Nell’immagine la distribuzione geografica dei genomi SARS-CoV-2, lignaggi rilevati e densità di popolazione tra le province lombarde.

Il lavoro sottolinea l’importanza e la necessità di una sorveglianza epidemiologica continua dei genomi circolanti nel territorio, che possa individuare nell’immediato la selezione e la circolazione di nuove mutazioni, ponendone un freno alla diffusione.

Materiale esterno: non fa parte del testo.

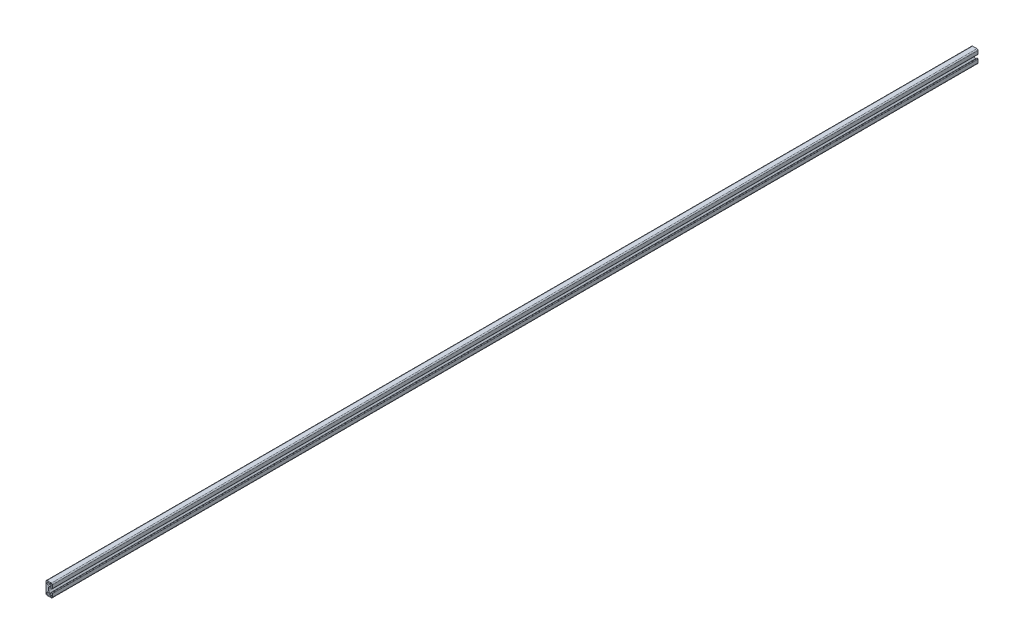
SolidWorks part; units mm, degrees
ref_plane "Front Plane" through (0, 0, 0) normal (0, 0, 1) x (1, 0, 0)
ref_plane "Top Plane" through (0, 0, 0) normal (0, 1, 0) x (1, 0, 0)
ref_plane "Right Plane" through (0, 0, 0) normal (1, 0, 0) x (0, 0, -1)
sketch "Sketch1" plane through (0, 0, 0) normal (0, 0, 1) x (1, 0, 0)
  line L0 (-6.35, 0) -> (6.35, 0) construction
  line L1 (6.35, 4.3011) -> (6.35, 10.5833)
  line L2 (4.2333, 12.7) -> (-4.2333, 12.7)
  line L3 (-6.35, 10.5833) -> (-6.35, 0)
  line L4 (-1.778, 0) -> (-1.778, 1.27)
  line L5 (-0.8467, 3.5339) -> (2.4133, 6.7939)
  line L6 (2.7725, 6.9427) -> (3.048, 6.9427)
  line L7 (3.6407, 6.35) -> (3.6407, 4.3011)
  line L8 (4.6905, 3.2512) -> (5.3001, 3.2512)
  circle A2 centre (3.429, 9.906) radius 1.6933
  circle A3 centre (-2.1167, 8.4667) radius 2.2013
  arc A4 (6.35, 10.5833) -> (4.2333, 12.7) centre (4.2333, 10.5833) ccw
  arc A5 (-4.2333, 12.7) -> (-6.35, 10.5833) centre (-4.2333, 10.5833) ccw
  arc A6 (-0.8467, 3.5339) -> (-1.778, 1.27) centre (1.4393, 1.27) ccw
  arc A7 (2.7725, 6.9427) -> (2.4133, 6.7939) centre (2.7725, 6.4347) ccw
  arc A8 (3.6407, 6.35) -> (3.048, 6.9427) centre (3.048, 6.35) ccw
  arc A9 (3.6407, 4.3011) -> (4.6905, 3.2512) centre (4.6905, 4.3011) ccw
  arc A10 (5.3001, 3.2512) -> (6.35, 4.3011) centre (5.3001, 4.3011) ccw
  dimension "D8" = 2.1167
  dimension "D9" = 3.3867
  dimension "D10" = 4.4027
  dimension "D13" = 1.0499
  dimension "D14" = 3.2173
  dimension "D16" = 0.508
  dimension "D17" = 0.5927
  dimension "Rail Height" = 25.4
  dimension "Rail Width" = 12.7
  dimension "D1" = 4.572
  dimension "D2" = 135
  dimension "D3" = 1.27
  dimension "D4" = 16.9333
  dimension "D5" = 4.2333
  dimension "D7" = 2.921
  dimension "D6" = 19.812
  dimension "TSlot Wdith" = 6.5024
  dimension "D11" = 2.7093
  dimension "D12" = 6.9427
  dimension "D15" = 5.5033
sketch "Sketch2" plane through (0, 0, 0) normal (1, 0, 0) x (0, 0, -1)
  line L0 (-914.4, 0) -> (914.4, 0)
  point P2 (-876.3, 0)
  point P3 (876.3, 0)
  dimension "Length" = 1828.8
  dimension "D1" = 38.1
  dimension "D2" = 38.1
sketch "Sketch3" plane through (0, 0, 0) normal (0, 0, 1) x (1, 0, 0)
  line L0 (-1.778, 0) -> (-1.778, 1.27) construction
  line L1 (-0.8467, 3.5339) -> (2.4133, 6.7939) construction
  line L2 (2.7725, 6.9427) -> (3.048, 6.9427) construction
  line L3 (3.6407, 6.35) -> (3.6407, 4.3011) construction
  line L4 (4.6905, 3.2512) -> (5.3001, 3.2512) construction
  line L5 (6.35, 4.3011) -> (6.35, 10.5833) construction
  line L6 (4.2333, 12.7) -> (-4.2333, 12.7) construction
  line L7 (-6.35, 10.5833) -> (-6.35, 0) construction
  line L8 (-1.778, 0) -> (-1.778, 1.27)
  line L9 (-0.8467, 3.5339) -> (2.4133, 6.7939)
  line L10 (2.7725, 6.9427) -> (3.048, 6.9427)
  line L11 (3.6407, 6.35) -> (3.6407, 4.3011)
  line L12 (4.6905, 3.2512) -> (5.3001, 3.2512)
  line L13 (6.35, 4.3011) -> (6.35, 10.5833)
  line L14 (4.2333, 12.7) -> (-4.2333, 12.7)
  line L15 (-6.35, 10.5833) -> (-6.35, 0)
  line L16 (-6.35, 0) -> (-1.778, 0)
  arc A0 (-0.8467, 3.5339) -> (-1.778, 1.27) centre (1.4393, 1.27) ccw construction
  circle A1 centre (-2.1167, 8.4667) radius 2.2013
  circle A2 centre (-2.1167, 8.4667) radius 2.2013
  circle A3 centre (3.429, 9.906) radius 1.6933
  circle A4 centre (3.429, 9.906) radius 1.6933
  arc A5 (2.7725, 6.9427) -> (2.4133, 6.7939) centre (2.7725, 6.4347) ccw construction
  arc A6 (3.6407, 6.35) -> (3.048, 6.9427) centre (3.048, 6.35) ccw construction
  arc A7 (3.6407, 4.3011) -> (4.6905, 3.2512) centre (4.6905, 4.3011) ccw construction
  arc A8 (5.3001, 3.2512) -> (6.35, 4.3011) centre (5.3001, 4.3011) ccw construction
  arc A9 (6.35, 10.5833) -> (4.2333, 12.7) centre (4.2333, 10.5833) ccw construction
  arc A10 (-4.2333, 12.7) -> (-6.35, 10.5833) centre (-4.2333, 10.5833) ccw construction
  arc A11 (-0.8467, 3.5339) -> (-1.778, 1.27) centre (1.4393, 1.27) ccw
  arc A12 (2.7725, 6.9427) -> (2.4133, 6.7939) centre (2.7725, 6.4347) ccw
  arc A13 (3.6407, 6.35) -> (3.048, 6.9427) centre (3.048, 6.35) ccw
  arc A14 (3.6407, 4.3011) -> (4.6905, 3.2512) centre (4.6905, 4.3011) ccw
  arc A15 (5.3001, 3.2512) -> (6.35, 4.3011) centre (5.3001, 4.3011) ccw
  arc A16 (6.35, 10.5833) -> (4.2333, 12.7) centre (4.2333, 10.5833) ccw
  arc A17 (-4.2333, 12.7) -> (-6.35, 10.5833) centre (-4.2333, 10.5833) ccw
  dimension "D1" = 0
  dimension "D2" = 0
extrude "Boss-Extrude1" add sketch "Sketch3" along normal mid plane 1828.8
mirror "Mirror1" about plane through (0, 0, 0) normal (0, 1, 0) of bodies 104
equation "\"D1@Sketch1\"=\"Rail Width@Sketch1\"*0.36"
equation "\"D3@Sketch1\"=\"Rail Height@Sketch1\"*0.05"
equation "\"D4@Sketch1\"=\"Rail Height@Sketch1\"*2/3"
equation "\"D5@Sketch1\"=\"D4@Sketch1\"*1/4"
equation "\"D7@Sketch1\"=\"Rail Width@Sketch1\"*0.23"
equation "\"D6@Sketch1\"=\"Rail Height@Sketch1\"*0.78"
equation "\"D8@Sketch1\"=\"D4@Sketch1\"*1/8"
equation "\"D9@Sketch1\"=\"D4@Sketch1\"*1/5"
equation "\"D10@Sketch1\"=\"D4@Sketch1\"*0.26"
equation "\"D11@Sketch1\"=\"D4@Sketch1\"*0.16"
equation "\"D12@Sketch1\"=\"D4@Sketch1\"*0.41"
equation "\"D13@Sketch1\"=\"D4@Sketch1\"*0.062"
equation "\"D14@Sketch1\"=\"D9@Sketch1\"*0.95"
equation "\"D15@Sketch1\"=\"D4@Sketch1\"*0.325"
equation "\"D16@Sketch1\"=\"D4@Sketch1\"*0.03"
equation "\"D17@Sketch1\"=\"D4@Sketch1\"*0.035"
equation "\"D2@Sketch2\"=\"D1@Sketch2\""
equation "\"D1@Boss-Extrude1\"=\"length@sketch2\""

Nella fase odierna dell’emergenza l’attenzione sulle varianti del virus è altissima proprio perché è dalle varianti che arriva il rischio più grande. L’esplosione di casi di contagio in molti paesi europei sembra essere legata proprio ad una maggiore contagiosità del virus legata ad una sua variante. Inoltre, si teme che nel suo processo di variazione il virus possa rafforzare la sua resistenza alla risposta immunitaria fornita dai vaccini prima ancora che la campagna vaccinale sia completata. Per questo, anche nel territorio del Varesotto, si sta implementando la strategia di analisi e monitoraggio delle varianti del virus.

In settimana abbiamo raccontato l’attività del laboratorio di microbiologia di Varese dove si intercettano le mutazioni del virus (leggi qui). Il professor Fabrizio Maggi ha avviato l’attività di sequenziamento del codice virale per individuare tempestivamente potenziali cambiamenti. Fino ad ora sono tre le varianti accertate ma altri cambiamenti sono sempre possibili.